Task to complete:
Supply the number of lines below containing "Message", nothing else.

[Dataset items]
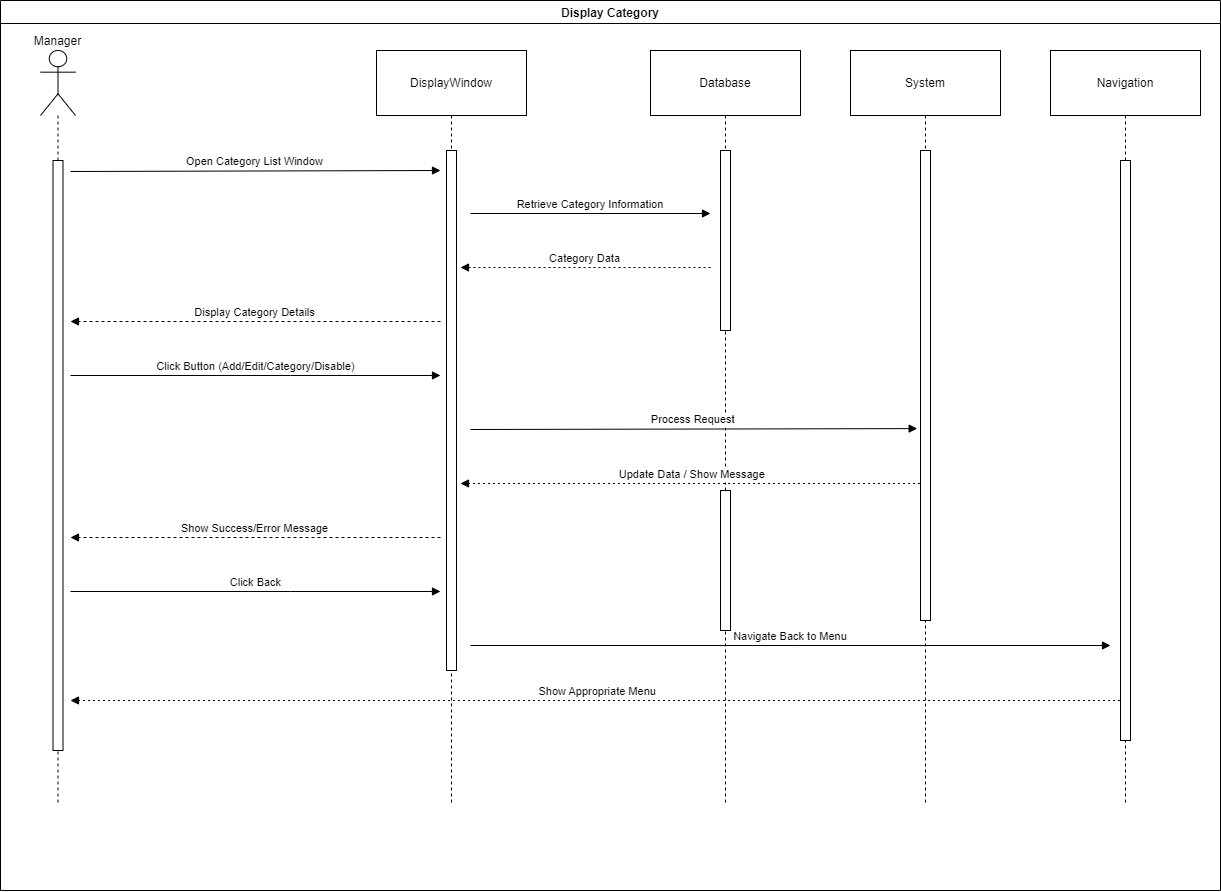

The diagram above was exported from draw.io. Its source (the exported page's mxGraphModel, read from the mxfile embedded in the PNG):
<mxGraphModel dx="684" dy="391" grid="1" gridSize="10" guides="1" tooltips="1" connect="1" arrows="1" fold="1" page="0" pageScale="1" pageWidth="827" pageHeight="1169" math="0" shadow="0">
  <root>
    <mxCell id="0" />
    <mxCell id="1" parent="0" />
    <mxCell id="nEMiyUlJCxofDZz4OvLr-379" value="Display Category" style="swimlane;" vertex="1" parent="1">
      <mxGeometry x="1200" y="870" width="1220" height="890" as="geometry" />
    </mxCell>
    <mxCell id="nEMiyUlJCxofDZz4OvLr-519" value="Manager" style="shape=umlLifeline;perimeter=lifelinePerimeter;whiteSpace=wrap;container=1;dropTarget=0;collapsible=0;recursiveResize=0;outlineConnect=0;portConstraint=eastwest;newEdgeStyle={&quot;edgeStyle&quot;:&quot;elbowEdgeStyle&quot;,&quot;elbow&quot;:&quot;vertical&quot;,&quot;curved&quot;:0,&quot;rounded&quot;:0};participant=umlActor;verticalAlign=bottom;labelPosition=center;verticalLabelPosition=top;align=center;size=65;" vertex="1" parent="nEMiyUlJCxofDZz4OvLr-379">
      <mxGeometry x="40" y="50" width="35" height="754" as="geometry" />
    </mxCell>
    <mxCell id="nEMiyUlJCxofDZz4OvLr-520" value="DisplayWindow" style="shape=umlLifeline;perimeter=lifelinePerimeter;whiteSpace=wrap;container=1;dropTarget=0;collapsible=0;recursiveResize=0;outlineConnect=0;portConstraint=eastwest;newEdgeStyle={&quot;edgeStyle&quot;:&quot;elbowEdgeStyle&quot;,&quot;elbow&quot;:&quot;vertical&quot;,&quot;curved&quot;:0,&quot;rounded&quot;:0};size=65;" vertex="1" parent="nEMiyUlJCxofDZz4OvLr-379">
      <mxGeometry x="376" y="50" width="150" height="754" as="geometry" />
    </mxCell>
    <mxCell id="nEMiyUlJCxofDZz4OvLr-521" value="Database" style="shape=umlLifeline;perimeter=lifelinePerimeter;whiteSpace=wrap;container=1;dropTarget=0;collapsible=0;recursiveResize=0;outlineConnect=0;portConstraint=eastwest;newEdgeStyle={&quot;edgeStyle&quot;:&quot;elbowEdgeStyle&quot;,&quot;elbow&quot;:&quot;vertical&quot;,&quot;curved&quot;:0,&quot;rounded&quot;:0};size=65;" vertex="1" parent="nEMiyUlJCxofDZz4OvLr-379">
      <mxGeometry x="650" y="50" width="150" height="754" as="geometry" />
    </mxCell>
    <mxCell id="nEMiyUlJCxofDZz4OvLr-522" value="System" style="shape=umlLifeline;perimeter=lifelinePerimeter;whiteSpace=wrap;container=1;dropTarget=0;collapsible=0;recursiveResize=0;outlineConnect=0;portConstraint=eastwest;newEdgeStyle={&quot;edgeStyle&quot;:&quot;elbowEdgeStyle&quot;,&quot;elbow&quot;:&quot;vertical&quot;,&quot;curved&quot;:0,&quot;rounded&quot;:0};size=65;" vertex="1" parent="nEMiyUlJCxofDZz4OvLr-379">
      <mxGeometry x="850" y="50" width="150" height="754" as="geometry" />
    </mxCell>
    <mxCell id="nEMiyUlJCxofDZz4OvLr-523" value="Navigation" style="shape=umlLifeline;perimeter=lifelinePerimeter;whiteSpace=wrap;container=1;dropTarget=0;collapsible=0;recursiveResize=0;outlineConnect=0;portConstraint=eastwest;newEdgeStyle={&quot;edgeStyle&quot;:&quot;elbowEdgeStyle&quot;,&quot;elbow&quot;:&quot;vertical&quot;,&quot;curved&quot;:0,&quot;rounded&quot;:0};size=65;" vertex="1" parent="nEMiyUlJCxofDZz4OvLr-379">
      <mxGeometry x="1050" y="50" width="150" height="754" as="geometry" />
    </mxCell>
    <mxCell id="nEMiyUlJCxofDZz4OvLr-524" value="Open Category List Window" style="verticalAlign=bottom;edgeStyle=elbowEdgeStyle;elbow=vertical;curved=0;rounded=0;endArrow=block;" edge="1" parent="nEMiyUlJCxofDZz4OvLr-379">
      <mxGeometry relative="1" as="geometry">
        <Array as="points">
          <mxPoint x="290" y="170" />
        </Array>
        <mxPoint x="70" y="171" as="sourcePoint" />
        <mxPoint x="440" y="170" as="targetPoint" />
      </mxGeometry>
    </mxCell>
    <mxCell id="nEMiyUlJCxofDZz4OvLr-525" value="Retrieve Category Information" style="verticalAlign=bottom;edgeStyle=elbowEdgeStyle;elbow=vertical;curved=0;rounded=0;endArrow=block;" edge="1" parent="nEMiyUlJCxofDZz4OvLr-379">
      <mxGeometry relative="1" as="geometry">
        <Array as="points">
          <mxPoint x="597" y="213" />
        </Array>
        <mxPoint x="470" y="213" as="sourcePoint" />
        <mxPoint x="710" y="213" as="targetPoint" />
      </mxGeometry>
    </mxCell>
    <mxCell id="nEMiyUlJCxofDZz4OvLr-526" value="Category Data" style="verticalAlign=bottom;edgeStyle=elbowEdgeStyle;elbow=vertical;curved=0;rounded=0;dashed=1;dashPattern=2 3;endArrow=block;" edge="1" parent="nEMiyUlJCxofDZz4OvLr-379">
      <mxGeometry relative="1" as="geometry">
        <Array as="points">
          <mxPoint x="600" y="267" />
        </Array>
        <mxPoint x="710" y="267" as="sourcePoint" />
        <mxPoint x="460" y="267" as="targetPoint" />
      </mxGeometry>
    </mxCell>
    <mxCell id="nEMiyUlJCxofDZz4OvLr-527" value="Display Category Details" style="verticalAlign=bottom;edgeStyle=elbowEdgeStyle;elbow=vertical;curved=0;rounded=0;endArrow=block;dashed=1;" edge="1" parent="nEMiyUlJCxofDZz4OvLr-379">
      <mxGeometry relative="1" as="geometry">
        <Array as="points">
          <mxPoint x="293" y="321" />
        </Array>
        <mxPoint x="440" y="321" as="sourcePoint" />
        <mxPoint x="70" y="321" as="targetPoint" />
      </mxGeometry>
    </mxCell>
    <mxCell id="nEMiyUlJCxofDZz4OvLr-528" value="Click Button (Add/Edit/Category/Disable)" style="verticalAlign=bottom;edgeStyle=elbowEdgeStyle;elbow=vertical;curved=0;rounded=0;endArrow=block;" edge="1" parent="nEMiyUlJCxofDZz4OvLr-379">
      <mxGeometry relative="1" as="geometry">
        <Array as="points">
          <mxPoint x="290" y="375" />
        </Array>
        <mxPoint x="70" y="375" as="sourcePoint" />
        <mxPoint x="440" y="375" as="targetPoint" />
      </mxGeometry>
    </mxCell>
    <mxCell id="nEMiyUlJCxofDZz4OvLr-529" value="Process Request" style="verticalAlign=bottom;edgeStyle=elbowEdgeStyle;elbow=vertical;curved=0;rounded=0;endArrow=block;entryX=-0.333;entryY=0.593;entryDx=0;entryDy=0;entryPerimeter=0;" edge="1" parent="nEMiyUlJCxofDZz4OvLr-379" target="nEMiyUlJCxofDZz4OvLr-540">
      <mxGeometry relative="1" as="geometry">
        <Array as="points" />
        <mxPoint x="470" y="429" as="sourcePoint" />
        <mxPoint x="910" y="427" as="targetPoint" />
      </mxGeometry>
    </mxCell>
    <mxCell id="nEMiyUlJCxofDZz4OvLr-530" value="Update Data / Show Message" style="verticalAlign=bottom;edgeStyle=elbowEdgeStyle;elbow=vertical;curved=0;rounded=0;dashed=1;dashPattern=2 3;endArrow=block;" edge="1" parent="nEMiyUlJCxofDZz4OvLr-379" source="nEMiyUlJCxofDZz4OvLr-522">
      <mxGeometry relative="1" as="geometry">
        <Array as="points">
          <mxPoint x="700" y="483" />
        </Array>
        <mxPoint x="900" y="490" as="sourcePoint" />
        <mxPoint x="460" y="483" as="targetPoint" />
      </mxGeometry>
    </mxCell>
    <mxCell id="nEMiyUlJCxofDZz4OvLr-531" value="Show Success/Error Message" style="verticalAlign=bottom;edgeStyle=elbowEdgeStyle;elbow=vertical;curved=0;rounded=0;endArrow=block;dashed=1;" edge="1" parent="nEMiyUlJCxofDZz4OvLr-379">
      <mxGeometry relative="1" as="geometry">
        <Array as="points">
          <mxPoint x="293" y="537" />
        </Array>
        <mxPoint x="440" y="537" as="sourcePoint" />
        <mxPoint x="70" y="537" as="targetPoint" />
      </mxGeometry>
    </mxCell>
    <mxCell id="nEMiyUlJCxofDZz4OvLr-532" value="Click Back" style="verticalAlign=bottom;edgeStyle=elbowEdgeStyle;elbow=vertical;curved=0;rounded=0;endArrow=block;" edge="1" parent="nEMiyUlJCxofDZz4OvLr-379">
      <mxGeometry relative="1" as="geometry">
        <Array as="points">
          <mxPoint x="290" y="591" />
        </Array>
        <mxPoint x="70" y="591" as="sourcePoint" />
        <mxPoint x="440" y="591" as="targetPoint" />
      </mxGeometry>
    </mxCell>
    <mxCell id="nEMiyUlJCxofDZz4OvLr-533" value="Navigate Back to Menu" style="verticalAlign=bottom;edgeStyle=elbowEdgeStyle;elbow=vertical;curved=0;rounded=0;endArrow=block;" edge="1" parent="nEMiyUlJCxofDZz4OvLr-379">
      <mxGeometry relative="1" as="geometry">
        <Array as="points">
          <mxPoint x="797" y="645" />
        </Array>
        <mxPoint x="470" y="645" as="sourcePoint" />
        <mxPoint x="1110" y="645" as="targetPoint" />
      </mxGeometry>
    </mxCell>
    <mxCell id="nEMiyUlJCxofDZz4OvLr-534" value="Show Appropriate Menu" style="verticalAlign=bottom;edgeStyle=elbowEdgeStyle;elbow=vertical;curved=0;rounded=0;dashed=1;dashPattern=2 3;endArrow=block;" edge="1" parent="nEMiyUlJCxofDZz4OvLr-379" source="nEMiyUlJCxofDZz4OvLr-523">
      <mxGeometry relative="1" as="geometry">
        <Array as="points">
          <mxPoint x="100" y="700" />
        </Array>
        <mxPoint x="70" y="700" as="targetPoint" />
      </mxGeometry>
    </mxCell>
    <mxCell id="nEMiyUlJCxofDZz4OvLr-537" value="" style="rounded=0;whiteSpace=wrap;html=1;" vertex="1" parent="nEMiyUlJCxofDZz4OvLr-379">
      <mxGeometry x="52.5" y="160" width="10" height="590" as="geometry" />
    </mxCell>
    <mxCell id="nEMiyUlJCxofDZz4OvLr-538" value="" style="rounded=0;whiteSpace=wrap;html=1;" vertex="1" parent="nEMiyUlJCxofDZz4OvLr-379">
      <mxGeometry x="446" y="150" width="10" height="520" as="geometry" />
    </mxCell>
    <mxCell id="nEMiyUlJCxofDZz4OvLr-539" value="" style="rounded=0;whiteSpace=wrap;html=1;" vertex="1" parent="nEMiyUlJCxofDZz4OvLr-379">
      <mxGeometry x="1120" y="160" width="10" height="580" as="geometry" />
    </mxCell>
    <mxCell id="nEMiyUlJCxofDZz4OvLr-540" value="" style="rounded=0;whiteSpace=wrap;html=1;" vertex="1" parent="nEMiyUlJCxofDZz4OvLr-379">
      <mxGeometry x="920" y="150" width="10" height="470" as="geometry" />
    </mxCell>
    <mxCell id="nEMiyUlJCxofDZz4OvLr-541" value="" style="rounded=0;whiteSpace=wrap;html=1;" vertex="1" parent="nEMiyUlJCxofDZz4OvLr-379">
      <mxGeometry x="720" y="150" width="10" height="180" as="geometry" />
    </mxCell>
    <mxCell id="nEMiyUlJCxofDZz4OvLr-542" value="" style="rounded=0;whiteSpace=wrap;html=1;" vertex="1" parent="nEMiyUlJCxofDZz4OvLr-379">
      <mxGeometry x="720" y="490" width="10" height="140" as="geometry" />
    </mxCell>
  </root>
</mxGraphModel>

Solution to this task:
2